4. Seed with a small, high-quality corpus. Include empty structures, nested objects, escaped strings, large numbers, invalid Unicode samples, and known-bad cases such as trailing garbage or duplicate keys.
5. Add a JSON dictionary. Tokens such as {, }, [, ], :, ,, "true", "false", "null", and "\\u" help many fuzzers stay syntactically productive.
6. Set explicit limits. Cap bytes, nesting depth, token count, and per-input time. Security bugs often appear as missing or inconsistent limits rather than parser crashes.
7. Keep minimized reproducers. Every crash, timeout, or semantic mismatch should become a permanent regression test after triage.
8. Run short fuzz jobs in CI and longer jobs continuously. For open-source parsers, services such as OSS-Fuzz or lightweight PR checks are worth using because they keep exercising the corpus after the initial bug-finding burst.

extern "C" int LLVMFuzzerTestOneInput(const uint8_t* data, size_t size) {
  ParserOptions opts;
  opts.max_depth = 256;
  opts.max_input_bytes = 1 << 20;

  try {
    parse_json_bytes(data, size, opts);
  } catch (const ParseError&) {
    // Parse failures are expected. Crashes, sanitizer hits, and hangs are not.
  }

  return 0;
}

High-Value Corpus Ideas

A useful seed corpus is small, varied, and deliberately hostile.

• Duplicate keys: {"role":"user","role":"admin"}
• Trailing data: {"a":1}garbage
• Huge exponents and integer boundaries: 1e1000000, 18446744073709551616, -0, 00
• Unicode edge cases: "\\uD834\\uDD1E" versus "\\uD800"
• Deep nesting: thousands of repeated arrays or objects until the parser hits its configured maximum depth
• Large repeated strings: long escaped strings, long runs of backslashes, and embedded null bytes
• Permissive-mode probes: comments, trailing commas, NaN, and Infinity if the library has options for them
• Streaming cases: split a multibyte UTF-8 sequence, escape sequence, or number token across chunk boundaries

Keep the corpus understandable. When a sample no longer covers unique behavior, minimize or delete it so the fuzzer spends its time on inputs that still expand coverage.

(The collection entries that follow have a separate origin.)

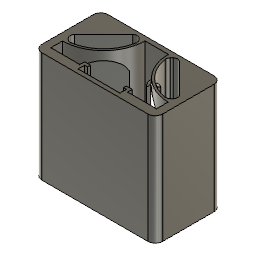
Imaging_Enclosure (Autodesk Fusion 360 design; units mm, degrees)
part number: 2026-03-22-21-42-42-827
Autodesk Fusion 360 part; units mm, degrees
note: some values were not read from the file. Set by a fixed rule: which face or edge a step refers to.
sketch "Sketch1" plane through (0, 0, 0) normal (0, 0, 1) x (1, 0, 0)
  line L0 (-43.0895, 22.8761) -> (56.9105, 22.8761)
  line L1 (56.9105, 22.8761) -> (56.9105, -20.1239)
  line L2 (56.9105, -20.1239) -> (-43.0895, -20.1239)
  line L3 (-43.0895, -20.1239) -> (-43.0895, 22.8761)
  dimension "d1" = 100
  dimension "d2" = 43
  constraint horizontal L0
  constraint vertical L1
  constraint horizontal L2
  constraint vertical L3
  measures "d1" distance of L0.start L0.end
  measures "d2" distance of L0.start L2.end
extrude "Extrude1" add sketch "Sketch1" along normal blind 75 makes body 1
sketch "TOP" plane through (0, 0, 75) normal (0, 0, 1) x (-1, 0, 0)
  line L0 (43.0895, 20.1239) -> (-56.9105, 20.1239)
  line L1 (-56.9105, 20.1239) -> (-56.9105, -22.8761)
  line L2 (-56.9105, -22.8761) -> (43.0895, -22.8761)
  line L3 (43.0895, -22.8761) -> (43.0895, 20.1239)
  line L4 (39.0895, -19.8761) -> (-52.9105, -19.8761)
  line L5 (-52.9105, -19.8761) -> (-52.9105, 16.1239)
  line L6 (-52.9105, 16.1239) -> (39.0895, 16.1239)
  line L7 (39.0895, 16.1239) -> (39.0895, -19.8761)
  line L8 (-6.9105, 16.1239) -> (-6.9105, 19.1239)
  line L9 (-6.9105, 16.1239) -> (16.0704, -6.8571)
  line L10 (-6.9105, 16.1239) -> (25.5895, 16.1239) construction
  line L11 (-6.9105, 16.1239) -> (-32.3664, -9.332)
  line L12 (-6.9105, 16.1239) -> (29.0895, 16.1239) construction
  line L13 (-32.3664, -9.332) -> (-21.8222, -19.8761)
  line L14 (-32.3664, -9.332) -> (-17.4547, -9.332) construction
  line L15 (-32.3664, -9.332) -> (-52.9105, 11.2122)
  line L16 (16.0704, -6.8571) -> (3.0514, -19.8761)
  line L17 (16.0704, -6.8571) -> (39.0895, 16.1619)
  line L18 (16.0704, -6.8571) -> (48.6243, -6.8571) construction
  line L19 (-32.3664, -9.332) -> (-44.2281, 2.5297)
  line L20 (-32.3664, -9.332) -> (-15.5914, -9.332) construction
  line L21 (-32.3664, -9.332) -> (-20.5047, -21.1937)
  line L22 (-20.5047, -21.1937) -> (-16.501, -17.1901)
  line L23 (-20.5047, -21.1937) -> (-14.8427, -21.1937) construction
  line L24 (-44.2281, 2.5297) -> (-40.2245, 6.5334)
  line L25 (-32.3664, -9.332) -> (-24.1993, -1.1649)
  line L26 (-20.5047, -21.1937) -> (-19.0904, -19.7795)
  line L27 (-19.0904, -19.7795) -> (-16.3404, -19.7795)
  line L28 (-44.2281, 2.5297) -> (-42.8139, 3.9439)
  line L29 (-42.8139, 3.9439) -> (-42.8139, 6.6939)
  arc A0 (-16.3404, -19.7795) -> (-42.8139, 6.6939) centre (-43.1782, -20.1438) ccw
  line L30 (-24.1993, -1.1649) -> (-23.1386, -0.1042)
  line L31 (-16.3404, -19.7795) -> (-14.8404, -19.7795)
  line L32 (-42.8139, 6.6939) -> (-42.8139, 8.1939)
  line L33 (-42.8139, 8.1939) -> (-42.8139, 16.1239)
  arc A1 (-14.8404, -19.7795) -> (-42.8139, 8.1939) centre (-43.1779, -20.1435) ccw
  line L34 (-6.9105, 16.1239) -> (-6.9105, -19.8761)
  line L35 (-16.501, -17.1901) -> (-20.5047, -21.1937)
  line L36 (-40.2245, 6.5334) -> (-44.2281, 2.5297)
  line L37 (-40.2245, 6.5334) -> (-44.2281, 2.5297)
  line L38 (-42.8139, 3.9439) -> (-40.2245, 6.5334)
  line L39 (-19.1871, -19.8761) -> (-16.501, -17.1901)
  line L40 (-24.1993, -1.1649) -> (-32.6492, -9.6148)
  line L41 (-32.6492, -9.6148) -> (-20.6461, -21.618)
  line L42 (-32.6492, -9.6148) -> (-15.6742, -9.6148) construction
  line L43 (-20.6461, -21.618) -> (-16.4739, -17.4458)
  line L44 (-32.6492, -9.6148) -> (-44.6524, 2.3883)
  line L45 (-32.6492, -9.6148) -> (-15.6742, -9.6148) construction
  line L46 (-44.6524, 2.3883) -> (-40.4802, 6.5605)
  line L47 (-14.8404, -19.7795) -> (-14.8404, -19.8761)
  line L48 (7.2891, 14.9239) -> (-21.1109, 14.9239)
  line L49 (-21.1109, 14.9239) -> (-21.1109, 19.3239)
  line L50 (-21.1109, 19.3239) -> (7.2891, 19.3239)
  line L51 (7.2891, 19.3239) -> (7.2891, 14.9239)
  line L52 (-6.9105, 16.1239) -> (0.1895, 16.1239)
  dimension "d5" = 92
  dimension "d6" = 36
  dimension "d7" = 4
  dimension "d8" = 3
  dimension "d9" = 3
  dimension "d10" = 46
  dimension "d11" = 32.5
  dimension "d12" = 45
  dimension "d13" = 135
  dimension "d14" = 36
  dimension "d15" = 45
  dimension "d16" = 45
  dimension "d17" = 135
  dimension "d18" = 16.775
  dimension "d19" = 16.775
  dimension "d20" = 45
  dimension "d21" = 5.662
  dimension "d22" = 5.662
  dimension "d23" = 11.55
  dimension "d24" = 2
  dimension "d25" = 2.75
  dimension "d26" = 2
  dimension "d27" = 2.75
  dimension "d28" = 1.5
  dimension "d29" = 1.5
  dimension "d30" = 1.5
  dimension "d31" = 11.95
  dimension "d32" = 45
  dimension "d33" = 16.975
  dimension "d34" = 135
  dimension "d35" = 16.975
  dimension "d105" = 28.4
  dimension "d106" = 4.4
  dimension "d107" = 1.2
  dimension "d108" = 21.703
  dimension "d124" = 7.1
  constraint horizontal L4
  constraint vertical L5
  constraint horizontal L6
  constraint vertical L7
  constraint coincident L6 L8.start
  constraint perpendicular L6 L8
  constraint horizontal L10
  constraint horizontal L12
  constraint horizontal L14
  constraint coincident L4 L13.end
  constraint coincident L5 L15.end
  constraint perpendicular L11 L15
  constraint coincident L4 L16.end
  constraint perpendicular L9 L16
  constraint horizontal L18
  constraint coincident L7 L17.end
  constraint horizontal L20
  constraint perpendicular L11 L21
  constraint horizontal L23
  constraint perpendicular L19 L24
  constraint perpendicular L13 L25
  constraint perpendicular L21 L26
  constraint horizontal L27
  constraint perpendicular L19 L28
  constraint vertical L29
  constraint coincident L25.end A0
  constraint parallel L11 L30
  constraint parallel L27 L31
  constraint parallel L29 L32
  constraint vertical L33
  constraint coincident L6 L33.end
  constraint coincident L30.end A1
  constraint midpoint L4 L34.end
  constraint coincident L4 L39.start
  constraint coincident L26 L39.start
  constraint parallel L25 L40
  constraint horizontal L42
  constraint coincident A0 L43.end
  constraint perpendicular L41 L43
  constraint horizontal L45
  constraint coincident A0 L46.end
  constraint perpendicular L44 L46
  constraint vertical L47
  constraint coincident L4 L47.end
  constraint horizontal L48
  constraint vertical L49
  constraint horizontal L50
  constraint vertical L51
  constraint perpendicular L51 L52
  measures "d5" distance of L4.start L4.end
  measures "d6" distance of L4.start L6.end
  measures "d7" distance of L1 L5
  measures "d8" distance of L2 L4
  measures "d9" distance of L8.start L8.end
  measures "d10" distance of L5 L8
  measures "d11" distance of L8.start L9.end
  measures "d12" angle of L9 L10
  measures "d13" angle of L11 L12
  measures "d14" distance of L8.start L11.end
  measures "d15" angle of L13 L14
  measures "d16" angle of L17 L18
  measures "d17" angle of L19 L20
  measures "d18" distance of L11.end L19.end
  measures "d19" distance of L11.end L21.end
  measures "d20" angle of L22 L23
  measures "d21" distance of L21.end L22.end
  measures "d22" distance of L19.end L24.end
  measures "d23" distance of L11.end L25.end
  measures "d24" distance of L21.end L26.end
  measures "d25" distance of L26.end L27.end
  measures "d26" distance of L19.end L28.end
  measures "d27" distance of L28.end L29.end
  measures "d28" distance of L25.end L30.end
  measures "d29" distance of L27.end L31.end
  measures "d30" distance of L29.end L32.end
  measures "d31" distance of L25.end L40.end
  measures "d32" angle of L41 L42
  measures "d33" distance of L40.end L41.end
  measures "d34" angle of L44 L45
  measures "d35" distance of L40.end L44.end
  measures "d105" distance of L48.start L48.end
  measures "d106" distance of L48.start L50.end
  measures "d107" distance of L12 L48
  measures "d108" distance of L33 L49
  measures "d124" distance of L8.start L52.end
sketch "Sketch3" plane through (0, -20.1239, 0) normal (0, -1, 0) x (1, 0, 0)
  line L0 (-43.0895, 0) -> (56.9105, 0)
  line L1 (56.9105, 0) -> (56.9105, 75)
  line L2 (56.9105, 75) -> (-43.0895, 75)
  line L3 (-43.0895, 75) -> (-43.0895, 0)
extrude "Extrude2" cut sketch "TOP" against normal blind 41.25 contours L4 L21 L22 L26 L35 L41 L43 | L4 L22 L26 L27 L35 L39 L43 | L4 L21 L22 L26 L35 | L4 L11 L13 L21 L22 L25 L26 A0 L35 L39 L40 | L22 L27 A0 L35 L39 L43 | L4 L13 L21 L40 L41 | L11 L15 L19 L24 L25 L28 A0 L36 L37 L38 L40 | L15 L19 L40 L44 L46 | L24 L29 A0 L36 L37 L38 L46 | L15 L24 L28 L29 L36 L37 L46 bodies 1
extrude "Extrude3" cut sketch "TOP" against normal blind 51.25 contours L4 L21 L22 L26 L35 L41 L43 | L4 L22 L26 L27 L35 L39 L43 | L4 L21 L22 L26 L35 | L4 L11 L13 L21 L22 L25 L26 A0 L35 L39 L40 | L22 L27 A0 L35 L39 L43 | L4 L13 L21 L40 L41 | L11 L15 L19 L24 L25 L28 A0 L36 L37 L38 L40 | L15 L19 L40 L44 L46 | L24 L29 A0 L36 L37 L38 L46 | L15 L24 L28 L29 L36 L37 L46 bodies 1
extrude "Extrude4" cut sketch "TOP" against normal blind 71 contours L4 L9 L16 L34 L48 | L4 L11 A1 L34 L47 L48 | L6 L9 L17 L48 L51 | L11 L34 L48 | L9 L34 L48 | L6 L9 L48 L51 L52 | L6 L11 L48 L49 | L6 L11 L33 A1 L48 L49 bodies 1
sketch "Sketch4" plane through (21.132, 21.132, 0) normal (-0.707107, -0.707107, 0) x (0.707107, -0.707107, 0)
  line L0 (33.2628, 75) -> (-0.6872, 75)
  line L1 (-0.6872, 75) -> (-0.6872, 23.75)
  line L2 (-0.6872, 23.75) -> (33.2628, 23.75)
  line L3 (33.2628, 23.75) -> (33.2628, 75)
  line L4 (3.9498, 60.75) -> (28.6258, 60.75)
  line L5 (28.6258, 60.75) -> (28.6258, 27.75)
  line L6 (28.6258, 27.75) -> (3.9498, 27.75)
  line L7 (3.9498, 27.75) -> (3.9498, 60.75)
  line L8 (3.9498, 54.2255) -> (16.2878, 54.2255) construction
  line L9 (16.2878, 54.2255) -> (16.2878, 27.75) construction
  line L10 (16.2878, 54.2255) -> (16.2878, 68.7495) construction
  arc A0 (28.6258, 60.75) -> (3.9498, 60.75) centre (16.2878, 55.2351) ccw construction
  dimension "d42" = 24.676
  dimension "d43" = 33
  dimension "d44" = 4.637
  dimension "d45" = 4
  dimension "d46" = 12.338
  dimension "d47" = 14.524
  constraint horizontal L4
  constraint vertical L5
  constraint horizontal L6
  constraint vertical L7
  constraint coincident L7 L8.start
  constraint perpendicular L7 L8
  constraint midpoint L6 L9.end
  constraint perpendicular L8 L10
  constraint coincident L10.end A0
  measures "d42" distance of L4.start L4.end
  measures "d43" distance of L4.start L6.end
  measures "d44" distance of L1 L7
  measures "d45" distance of L2 L6
  measures "d46" distance of L8.start L8.end
  measures "d47" distance of L8.end L10.end
sketch "Sketch5" plane through (21.132, 21.132, 0) normal (-0.707107, -0.707107, 0) x (0.707107, -0.707107, 0)
  line L0 (33.2628, 75) -> (-0.6872, 75)
  line L1 (-0.6872, 75) -> (-0.6872, 23.75)
  line L2 (-0.6872, 23.75) -> (33.2628, 23.75)
  line L3 (33.2628, 23.75) -> (33.2628, 75)
  line L4 (3.9498, 61.1) -> (28.6258, 61.1)
  line L5 (28.6258, 61.1) -> (28.6258, 28.1)
  line L6 (28.6258, 28.1) -> (3.9498, 28.1)
  line L7 (3.9498, 28.1) -> (3.9498, 61.1)
  line L8 (16.2878, 28.1) -> (16.2878, 69.1)
  arc A0 (28.6258, 61.1) -> (3.9498, 61.1) centre (16.2878, 55.5859) ccw
  dimension "d48" = 24.676
  dimension "d49" = 33
  dimension "d50" = 4.637
  dimension "d51" = 4.35
  dimension "d52" = 41
  constraint horizontal L4
  constraint vertical L5
  constraint horizontal L6
  constraint vertical L7
  constraint vertical L8
  constraint midpoint L6 L8.start
  constraint coincident L8.end A0
  measures "d48" distance of L4.start L4.end
  measures "d49" distance of L4.start L6.end
  measures "d50" distance of L1 L7
  measures "d51" distance of L2 L6
  measures "d52" distance of L8.start L8.end
extrude "Extrude5" cut sketch "Sketch5" along normal blind 14 contours L4 L8 A0 | L4 L6 L7 L8 | L4 L8 A0 | L4 L5 L6 L8 bodies 1
fillet "Fillet1" radius 3 4 edges at (20.6461, 21.618, 49.375) (16.4739, 17.4458, 49.375) (40.4802, -6.5605, 49.375) (44.6524, -2.3883, 49.375) on bodies 1
sketch "Sketch6" plane through (0, 22.8761, 0) normal (0, 1, 0) x (-1, 0, 0)
  line L0 (-56.9105, 0) -> (43.0895, 0)
  line L1 (43.0895, 0) -> (43.0895, 75)
  line L2 (43.0895, 75) -> (-56.9105, 75)
  line L3 (-56.9105, 75) -> (-56.9105, 0)
  line L4 (-6.9105, 0) -> (-6.9105, 75)
  line L5 (43.0895, 7.2495) -> (-56.9105, 7.2495)
  circle A0 centre (-6.9105, 35.85) radius 7
  circle A1 centre (-6.9105, 48.35) radius 7
  line L6 (3.5895, 23.35) -> (-17.4105, 23.35)
  line L7 (-17.4105, 23.35) -> (-17.4105, 35.85)
  line L8 (-17.4105, 35.85) -> (3.5895, 35.85)
  line L9 (3.5895, 35.85) -> (3.5895, 23.35)
  line L10 (3.5895, 35.85) -> (-17.4105, 35.85)
  line L11 (-17.4105, 35.85) -> (-17.4105, 48.35)
  line L12 (-17.4105, 48.35) -> (3.5895, 48.35)
  line L13 (3.5895, 48.35) -> (3.5895, 35.85)
  line L14 (3.5895, 29.6) -> (-17.4105, 29.6)
  line L15 (-17.4105, 29.6) -> (-17.4105, 42.1)
  line L16 (-17.4105, 42.1) -> (3.5895, 42.1)
  line L17 (3.5895, 42.1) -> (3.5895, 29.6)
  line L18 (0.0895, 48.35) -> (0.0895, 35.85)
  line L19 (-13.9105, 35.85) -> (-13.9105, 48.35)
  line L20 (-2.5605, 22.65) -> (-11.2605, 22.65)
  line L21 (-11.2605, 22.65) -> (-11.2605, 34.65)
  line L22 (-11.2605, 34.65) -> (-2.5605, 34.65)
  line L23 (-2.5605, 34.65) -> (-2.5605, 22.65)
  circle A2 centre (3.5895, 23.35) radius 0.85
  circle A3 centre (3.5895, 29.6) radius 0.85
  circle A4 centre (3.5895, 35.85) radius 0.85
  circle A5 centre (3.5895, 42.1) radius 0.85
  circle A6 centre (3.5895, 48.35) radius 0.85
  circle A7 centre (-17.4105, 48.35) radius 0.85
  circle A8 centre (-17.4105, 42.1) radius 0.85
  circle A9 centre (-17.4105, 35.85) radius 0.85
  circle A10 centre (-17.4105, 29.6) radius 0.85
  circle A11 centre (-17.4105, 23.35) radius 0.85
  dimension "d57" = 50
  dimension "d58" = 14
  dimension "d59" = 50
  dimension "d60" = 35.85
  dimension "d61" = 14
  dimension "d62" = 48.35
  dimension "d72" = 21
  dimension "d73" = 12.5
  dimension "d74" = 12.5
  dimension "d75" = 10.5
  dimension "d76" = 21
  dimension "d77" = 12.5
  dimension "d78" = 12.5
  dimension "d79" = 10.5
  dimension "d80" = 21
  dimension "d81" = 12.5
  dimension "d82" = 6.25
  dimension "d83" = 8.7
  dimension "d84" = 12
  dimension "d85" = 0.7
  dimension "d86" = 4.35
  dimension "d87" = 1.7
  dimension "d88" = 1.7
  dimension "d89" = 1.7
  dimension "d90" = 1.7
  dimension "d91" = 1.7
  dimension "d92" = 1.7
  dimension "d93" = 1.7
  dimension "d94" = 1.7
  dimension "d95" = 1.7
  dimension "d96" = 1.7
  constraint coincident L0 L4.start
  constraint coincident L2 L4.end
  constraint perpendicular L2 L4
  constraint coincident L1 L5.start
  constraint coincident L3 L5.end
  constraint perpendicular L3 L5
  constraint coincident L4 A1.centre
  constraint horizontal L6
  constraint vertical L7
  constraint horizontal L8
  constraint vertical L9
  constraint horizontal L10
  constraint vertical L11
  constraint horizontal L12
  constraint vertical L13
  constraint horizontal L14
  constraint vertical L15
  constraint horizontal L16
  constraint vertical L17
  constraint coincident L9 L14.start
  constraint coincident L12 L18.start
  constraint coincident A1 L18.start
  constraint coincident L10 L18.end
  constraint coincident A0 L18.end
  constraint coincident A0 L19.start
  constraint coincident L8 L19.start
  constraint coincident A1 L19.end
  constraint coincident L12 L19.end
  constraint horizontal L20
  constraint vertical L21
  constraint horizontal L22
  constraint vertical L23
  constraint coincident L6.start L9.end
  constraint coincident L14.start L17.end
  constraint coincident L8.end L9.start
  constraint coincident L16.end L17.start
  constraint coincident L12.end L13.start
  constraint coincident L11.end L12.start
  constraint coincident L15.end L16.start
  constraint coincident L7.end L8.start
  constraint coincident L14.end L15.start
  constraint coincident L6.end L7.start
  measures "d57" distance of L3 L4
  measures "d58" diameter of A0
  measures "d59" distance of L3 A0.centre
  measures "d60" distance of L0 A0.centre
  measures "d61" diameter of A1
  measures "d62" distance of L0 A1.centre
  measures "d72" distance of L6.start L6.end
  measures "d73" distance of L6.start L8.end
  measures "d74" distance of A0.centre L6
  measures "d75" distance of A0.centre L7
  measures "d76" distance of L8.end L7.end
  measures "d77" distance of L8.end L12.end
  measures "d78" distance of A1.centre L10
  measures "d79" distance of A1.centre L11
  measures "d80" distance of L14.start L14.end
  measures "d81" distance of L14.start L16.end
  measures "d82" distance of L12 L16
  measures "d83" distance of L20.start L20.end
  measures "d84" distance of L20.start L22.end
  measures "d85" distance of L6 L20
  measures "d86" distance of L4 L21
  measures "d87" diameter of A2
  measures "d88" diameter of A3
  measures "d89" diameter of A4
  measures "d90" diameter of A5
  measures "d91" diameter of A6
  measures "d92" diameter of A7
  measures "d93" diameter of A8
  measures "d94" diameter of A9
  measures "d95" diameter of A10
  measures "d96" diameter of A11
extrude "Extrude6" add 1 faces at (17.6517, 10.4832, 28.1) along direction (0, 0, 1) blind 45 on bodies 1 bodies 1
extrude "Extrude7" add 1 faces at (29.408, 7.2534, 23.75) along direction (0, 0, 1) blind 0.35 on bodies 1 bodies 1
extrude "Extrude8" cut sketch "Sketch5" along normal blind 15 contours L4 L8 A0 | L4 L6 L7 L8 | L4 L8 A0 | L4 L5 L6 L8 bodies 1
sketch "Sketch7" plane through (0, 0, 0) normal (0, 1, 0) x (1, 0, 0)
extrude "Extrude9" cut sketch "Sketch6" against normal blind 2.5 contours L6 L9 A2 | L6 L9 A2 | L6 L7 A11 | L6 L7 A11 | L12 L13 A6 | L12 L13 A6 | L11 L12 A7 | L11 L12 A7 | L9 L14 L17 A3 | L9 L14 A3 | L7 L14 A10 | L7 L14 L15 A10 | L13 L16 A5 | L13 L16 L17 A5 | L11 L15 L16 A8 | L11 L16 A8 | L9 L17 A3 | L7 L15 A10 | L8 L10 L13 L17 A4 | L8 L9 L10 L17 A4 | L13 L17 A5 | L7 L8 L10 L15 A9 | L8 L10 L11 L15 A9 | L11 L15 A8 | L9 L13 L17 A4 | L7 L11 L15 A9 bodies 1
extrude "Extrude10" cut sketch "Sketch6" against normal blind 3 contours L4 L6 L20 L21 | L4 L6 L20 L23 | L4 A0 L6 L14 L21 | L4 A0 L6 L14 L23 | L4 A1 L12 | L4 A1 L12 | L4 A0 L14 | L4 A0 L14 | L4 A0 A1 L12 | L4 A0 A1 L12 | A1 L16 L18 | A1 L16 L19 | L4 A0 L14 L21 L22 | L4 A0 L14 L22 L23 | A0 L14 L21 | A0 L14 L23 | L4 A0 L16 | L4 A0 L16 | A0 L16 L18 | L4 A0 A1 L8 L10 | L4 A1 L16 | L4 A0 A1 L8 L10 | L4 A1 L16 | A0 L16 L19 | L4 A0 L8 L10 L21 L22 | L4 A0 L8 L10 L22 L23 bodies 1
sketch "Sketch8" plane through (0, 0, 4) normal (0, 0, 1) x (-1, 0, 0)
  arc A0 (-14.8404, -19.7795) -> (-42.8139, 8.1939) centre (-43.1779, -20.1435) ccw
  line L0 (-14.8404, -19.7795) -> (-14.8404, -19.8761)
  line L1 (-14.8404, -19.8761) -> (3.0514, -19.8761)
  line L2 (3.0514, -19.8761) -> (39.0514, 16.1239)
  line L3 (39.0514, 16.1239) -> (-42.8139, 16.1239)
  line L4 (-42.8139, 16.1239) -> (-42.8139, 8.1939)
  line L5 (7.2891, 14.9239) -> (-21.1109, 14.9239)
  line L6 (-21.1109, 14.9239) -> (-21.1109, 19.3239)
  line L7 (-21.1109, 19.3239) -> (7.2891, 19.3239)
  line L8 (7.2891, 19.3239) -> (7.2891, 14.9239)
  dimension "d101" = 28.4
  dimension "d102" = 4.4
  dimension "d103" = 1.2
  dimension "d104" = 21.703
  constraint horizontal L5
  constraint vertical L6
  constraint horizontal L7
  constraint vertical L8
  measures "d101" distance of L5.start L5.end
  measures "d102" distance of L5.start L7.end
  measures "d103" distance of L3 L5
  measures "d104" distance of L4 L6
extrude "Extrude11" cut sketch "TOP" against normal blind 75 contours L11 L34 L48 | L9 L34 L48 | L6 L9 L48 L51 L52 | L6 L49 L50 L51 L52 | L6 L11 L48 L49 bodies 1
extrude "Extrude12" add 1 faces at (23.5772, -20.1239, 25) along direction (0, -1, 0) blind 2 on bodies 1 bodies 1
sketch "Sketch9" plane through (0, 0, 75) normal (0, 0, 1) x (-1, 0, 0)
  line L0 (-56.9105, 22.1239) -> (-56.9105, -22.8761)
  line L1 (-56.9105, -22.8761) -> (43.0895, -22.8761)
  line L2 (43.0895, -22.8761) -> (43.0895, 22.1239)
  line L3 (43.0895, 22.1239) -> (-56.9105, 22.1239)
  line L4 (-17.5175, -18.4894) -> (-18.5248, -19.4967)
  arc A0 (-22.7674, -19.4967) -> (-18.5248, -19.4967) centre (-20.6461, -17.3753) ccw
  line L5 (-22.7674, -19.4967) -> (-42.531, 0.267)
  arc A1 (-42.531, 4.5096) -> (-42.531, 0.267) centre (-40.4097, 2.3883) ccw
  line L6 (-42.531, 4.5096) -> (-41.5238, 5.5168)
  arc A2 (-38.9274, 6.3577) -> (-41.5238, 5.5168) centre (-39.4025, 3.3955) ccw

Interpreting Findings Without Wasting Time

• Crash or sanitizer hit: Treat this as a high-priority parser bug until proven otherwise, especially in native code.
• Timeout or hang: Usually points to algorithmic complexity, recursion problems, or missing bounds checks.
• Out-of-memory event: Often means size or nesting controls are missing, inconsistently applied, or bypassed on one code path.
• Differential mismatch: Verify whether the divergence is an intentional policy choice or a silent correctness bug that could affect authorization, logging, or downstream validation.

A local formatter/validator is useful during triage. Pretty-printing minimized reproducers helps you separate valid-but-dangerous inputs from simply invalid JSON, and it makes parser-to-parser output comparison much easier.

Hardening Decisions After Fuzzing

Fuzzing is most valuable when it drives explicit parser policy, not just bug fixes.

• Decide how duplicate keys should behave and document that choice. Silent ambiguity is worse than strict rejection.
• Enforce limits on bytes, depth, token count, string length, and numeric range as close to the parser entry point as possible.
• Keep strict JSON parsing separate from convenience extensions so security-sensitive code paths do not accidentally inherit permissive behavior.
• Preserve the minimized corpus in version control and rerun it in CI before release.
• If untrusted JSON is business-critical, isolate parsing in a lower-privilege process or sandbox to reduce blast radius.